For years, scientists and environmentalists have worried about the long-term fallout of the Fukushima Dai-Ichi nuclear accident. And after a month of radioactive water leaking from the plant, the Japanese government has announced the construction of a giant, $470 million ice wall to stop it from filtering into the surrounding environment and the sea. This announcement was made shortly after another leak was discovered over the August long weekend.
This came only two weeks after Tokyo Electric Power Co. (TEPCO) revealed that some 300 tons of radioactive water had disappeared from a steel tank at the site. Shunichi Tanaka, chairman of the Japanese Nuclear Regulation Authority then announced at a press conference the following Monday that a small leak had sprung from a connecting pipe between some of the emergency storage tanks constructed in the wake of the tsunami.
TEPCO added that more radiation had been discovered near other storage tanks, pointing to the possibility of further leaks. Hence the decision to create a freeze wall, which would attempt to keep the leaks from getting into the groundwater and wreaking havoc all across the Pacific Ocean. According to the Associate Press:
The ice wall would freeze the ground to a depth of up to 30 meters (100 feet) through a system of pipes carrying a coolant as cold as minus 40 degrees Celsius (minus 40 Fahrenheit). That would block contaminated water from escaping from the facility’s immediate surroundings, as well as keep underground water from entering the reactor and turbine buildings, where much of the radioactive water has collected.

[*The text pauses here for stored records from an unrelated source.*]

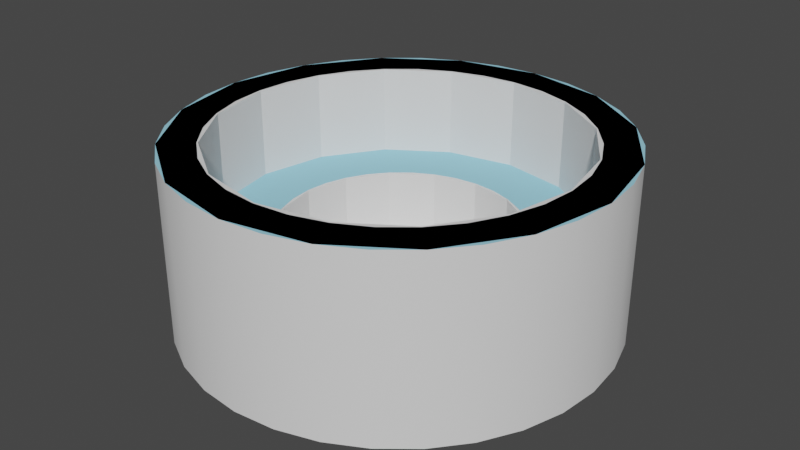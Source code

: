 # Source: HotTub.blend  (saved by Blender 2.93.21; exported with 4.5.12 LTS)
import bpy
from mathutils import Matrix  # noqa: F401  (used for matrix-valued properties, if any)

bpy.ops.wm.read_factory_settings(use_empty=True)
scene = bpy.context.scene
scene.name = 'Scene'

# ---- collections
col_collection = bpy.data.collections.new('Collection'); scene.collection.children.link(col_collection)

# ---- materials (node trees are filled in below, after node groups)
mat_tubmaintile = bpy.data.materials.new('TubMainTile')
mat_tubmaintile.use_transparent_shadow = False
mat_tubaccenttile = bpy.data.materials.new('TubAccentTile')
mat_tubaccenttile.use_transparent_shadow = False
mat_tubaccenttile.diffuse_color = (0.31, 0.6463, 0.8, 1.0)
mat_metal = bpy.data.materials.new('Metal')
mat_metal.use_transparent_shadow = False
mat_metal.diffuse_color = (0.2266, 0.2266, 0.2266, 1.0)
mat_glow = bpy.data.materials.new('Glow')
mat_glow.use_transparent_shadow = False
mat_glow.diffuse_color = (0.8, 0.5798, 0.3039, 1.0)

# ---- material node trees

# ---- world
world_world = bpy.data.worlds.new('World'); scene.world = world_world
world_world.use_nodes = True; world_world.node_tree.nodes.clear()
_N = world_world.node_tree.nodes; _L = world_world.node_tree.links
n0 = _N.new('ShaderNodeOutputWorld'); n0.name = 'World Output'; n0.location = (300, 300)
n1 = _N.new('ShaderNodeBackground'); n1.name = 'Background'; n1.location = (10, 300)
n1.inputs[0].default_value = (0.05088, 0.05088, 0.05088, 1.0)
_L.new(n1.outputs[0], n0.inputs[0])
n0.is_active_output = True
world_world.color = (0.05088, 0.05088, 0.05088)
world_world.use_sun_shadow = False
world_world.sun_shadow_jitter_overblur = 0.0

# ---- meshes
me_hottubmodel = bpy.data.meshes.new('HotTubModel')
me_hottubmodel.from_pydata([(0.0, 1.0, 1.0), (0.1951, 0.9808, 1.0), (0.3827, 0.9239, 1.0), (0.5556, 0.8315, 1.0), (0.7071, 0.7071, 1.0), (0.8315, 0.5556, 1.0), (0.9239, 0.3827, 1.0), (0.9808, 0.1951, 1.0), (1.0, -4.371e-08, 1.0), (0.9808, -0.1951, 1.0), (0.9239, -0.3827, 1.0), (0.8315, -0.5556, 1.0), (0.7071, -0.7071, 1.0), (0.5556, -0.8315, 1.0), (0.3827, -0.9239, 1.0), (0.1951, -0.9808, 1.0), (-8.742e-08, -1.0, 1.0), (-0.1951, -0.9808, 1.0), (-0.3827, -0.9239, 1.0), (-0.5556, -0.8315, 1.0), (-0.7071, -0.7071, 1.0), (-0.8315, -0.5556, 1.0), (-0.9239, -0.3827, 1.0), (-0.9808, -0.1951, 1.0), (-1.0, 1.192e-08, 1.0), (-0.9808, 0.1951, 1.0), (-0.9239, 0.3827, 1.0), (-0.8315, 0.5556, 1.0), (-0.7071, 0.7071, 1.0), (-0.5556, 0.8315, 1.0), (-0.3827, 0.9239, 1.0), (-0.1951, 0.9808, 1.0), (0.0, 1.0, 0.5), (0.1951, 0.9808, 0.5), (0.3827, 0.9239, 0.5), (0.5556, 0.8315, 0.5), (0.7071, 0.7071, 0.5), (0.8315, 0.5556, 0.5), (0.9239, 0.3827, 0.5), (0.9808, 0.1951, 0.5), (1.0, -4.371e-08, 0.5), (0.9808, -0.1951, 0.5), (0.9239, -0.3827, 0.5), (0.8315, -0.5556, 0.5), (0.7071, -0.7071, 0.5), (0.5556, -0.8315, 0.5), (0.3827, -0.9239, 0.5), (0.1951, -0.9808, 0.5), (-8.742e-08, -1.0, 0.5), (-0.1951, -0.9808, 0.5), (-0.3827, -0.9239, 0.5), (-0.5556, -0.8315, 0.5), (-0.7071, -0.7071, 0.5), (-0.8315, -0.5556, 0.5), (-0.9239, -0.3827, 0.5), (-0.9808, -0.1951, 0.5), (-1.0, 1.192e-08, 0.5), (-0.9808, 0.1951, 0.5), (-0.9239, 0.3827, 0.5), (-0.8315, 0.5556, 0.5), (-0.7071, 0.7071, 0.5), (-0.5556, 0.8315, 0.5), (-0.3827, 0.9239, 0.5), (-0.1951, 0.9808, 0.5), (2.338e-08, 0.6583, 0.1072), (0.1284, 0.6456, 0.1072), (0.1284, 0.6456, 0.5), (0.2519, 0.6082, 0.1072), (0.2519, 0.6082, 0.5), (0.3657, 0.5473, 0.1072), (0.3657, 0.5473, 0.5), (0.4655, 0.4655, 0.1072), (0.4655, 0.4655, 0.5), (0.5473, 0.3657, 0.1072), (0.5473, 0.3657, 0.5), (0.6082, 0.2519, 0.1072), (0.6082, 0.2519, 0.5), (0.6456, 0.1284, 0.1072), (0.6456, 0.1284, 0.5), (0.6583, -3.454e-08, 0.1072), (0.6583, -3.454e-08, 0.5), (0.6456, -0.1284, 0.1072), (0.6456, -0.1284, 0.5), (0.6082, -0.2519, 0.1072), (0.6082, -0.2519, 0.5), (0.5473, -0.3657, 0.1072), (0.5473, -0.3657, 0.5), (0.4655, -0.4655, 0.1072), (0.4655, -0.4655, 0.5), (0.3657, -0.5473, 0.1072), (0.3657, -0.5473, 0.5), (0.2519, -0.6082, 0.1072), (0.2519, -0.6082, 0.5), (0.1284, -0.6456, 0.1072), (0.1284, -0.6456, 0.5), (-3.416e-08, -0.6583, 0.1072), (-3.416e-08, -0.6583, 0.5), (-0.1284, -0.6456, 0.1072), (-0.1284, -0.6456, 0.5), (-0.2519, -0.6082, 0.1072), (-0.2519, -0.6082, 0.5), (-0.3657, -0.5473, 0.1072), (-0.3657, -0.5473, 0.5), (-0.4655, -0.4655, 0.1072), (-0.4655, -0.4655, 0.5), (-0.5473, -0.3657, 0.1072), (-0.5473, -0.3657, 0.5), (-0.6082, -0.2519, 0.1072), (-0.6082, -0.2519, 0.5), (-0.6456, -0.1284, 0.1072), (-0.6456, -0.1284, 0.5), (-0.6583, 2.087e-09, 0.1072), (-0.6583, 2.087e-09, 0.5), (-0.6456, 0.1284, 0.1072), (-0.6456, 0.1284, 0.5), (-0.6082, 0.2519, 0.1072), (-0.6082, 0.2519, 0.5), (-0.5473, 0.3657, 0.1072), (-0.5473, 0.3657, 0.5), (-0.4655, 0.4655, 0.1072), (-0.4655, 0.4655, 0.5), (-0.3657, 0.5473, 0.1072), (-0.3657, 0.5473, 0.5), (-0.2519, 0.6082, 0.1072), (-0.2519, 0.6082, 0.5), (-0.1284, 0.6456, 0.1072), (-0.1284, 0.6456, 0.5), (2.338e-08, 0.6583, 0.5), (-7.637e-09, 1.2, 1.0), (0.2341, 1.177, 1.0), (0.4592, 1.109, 1.0), (0.6667, 0.9978, 1.0), (0.8485, 0.8485, 1.0), (0.9978, 0.6667, 1.0), (1.109, 0.4592, 1.0), (1.177, 0.2341, 1.0), (1.2, -5.32e-08, 1.0), (1.177, -0.2341, 1.0), (1.109, -0.4592, 1.0), (0.9978, -0.6667, 1.0), (0.8485, -0.8485, 1.0), (0.6667, -0.9978, 1.0), (0.4592, -1.109, 1.0), (0.2341, -1.177, 1.0), (-1.125e-07, -1.2, 1.0), (-0.2341, -1.177, 1.0), (-0.4592, -1.109, 1.0), (-0.6667, -0.9978, 1.0), (-0.8485, -0.8485, 1.0), (-0.9978, -0.6667, 1.0), (-1.109, -0.4592, 1.0), (-1.177, -0.2341, 1.0), (-1.2, 1.356e-08, 1.0), (-1.177, 0.2341, 1.0), (-1.109, 0.4592, 1.0), (-0.9978, 0.6667, 1.0), (-0.8485, 0.8485, 1.0), (-0.6667, 0.9978, 1.0), (-0.4592, 1.109, 1.0), (-0.2341, 1.177, 1.0), (-7.637e-09, 1.2, 0.0), (0.2341, 1.177, 0.0), (0.4592, 1.109, 0.0), (0.6667, 0.9978, 0.0), (0.8485, 0.8485, 0.0), (0.9978, 0.6667, 0.0), (1.109, 0.4592, 0.0), (1.177, 0.2341, 0.0), (1.2, -5.32e-08, 0.0), (1.177, -0.2341, 0.0), (1.109, -0.4592, 0.0), (0.9978, -0.6667, 0.0), (0.8485, -0.8485, 0.0), (0.6667, -0.9978, 0.0), (0.4592, -1.109, 0.0), (0.2341, -1.177, 0.0), (-1.125e-07, -1.2, 0.0), (-0.2341, -1.177, 0.0), (-0.4592, -1.109, 0.0), (-0.6667, -0.9978, 0.0), (-0.8485, -0.8485, 0.0), (-0.9978, -0.6667, 0.0), (-1.109, -0.4592, 0.0), (-1.177, -0.2341, 0.0), (-1.2, 1.356e-08, 0.0), (-1.177, 0.2341, 0.0), (-1.109, 0.4592, 0.0), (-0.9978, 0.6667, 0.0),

The project, which TEPCO and the government proposed in May, is being tested for feasibility by Japanese construction giant Kajima Corp. and is set for completion by March 2015.
Might sound a bit hokey, but this isn’t the first time that officials have tried using a giant frozen wall as a stopgap measure, or even the first time one was used to contain nuclear contaminants. In 1996, Tennessee’s Oak Ridge National Laboratory used an ice wall to keep radioactive waste from leaking into a creek.
In England and Wales, freeze walls have been used in mining operations for almost half century, and are being used to isolate arsenic trioxide leftover from an abandoned gold-mining operation in Canada’s Northwest Territories. And Moretrench, a company that worked on Oak Ridge, is creating a freeze wall pilot for containing contamination from the Albertan tar sands.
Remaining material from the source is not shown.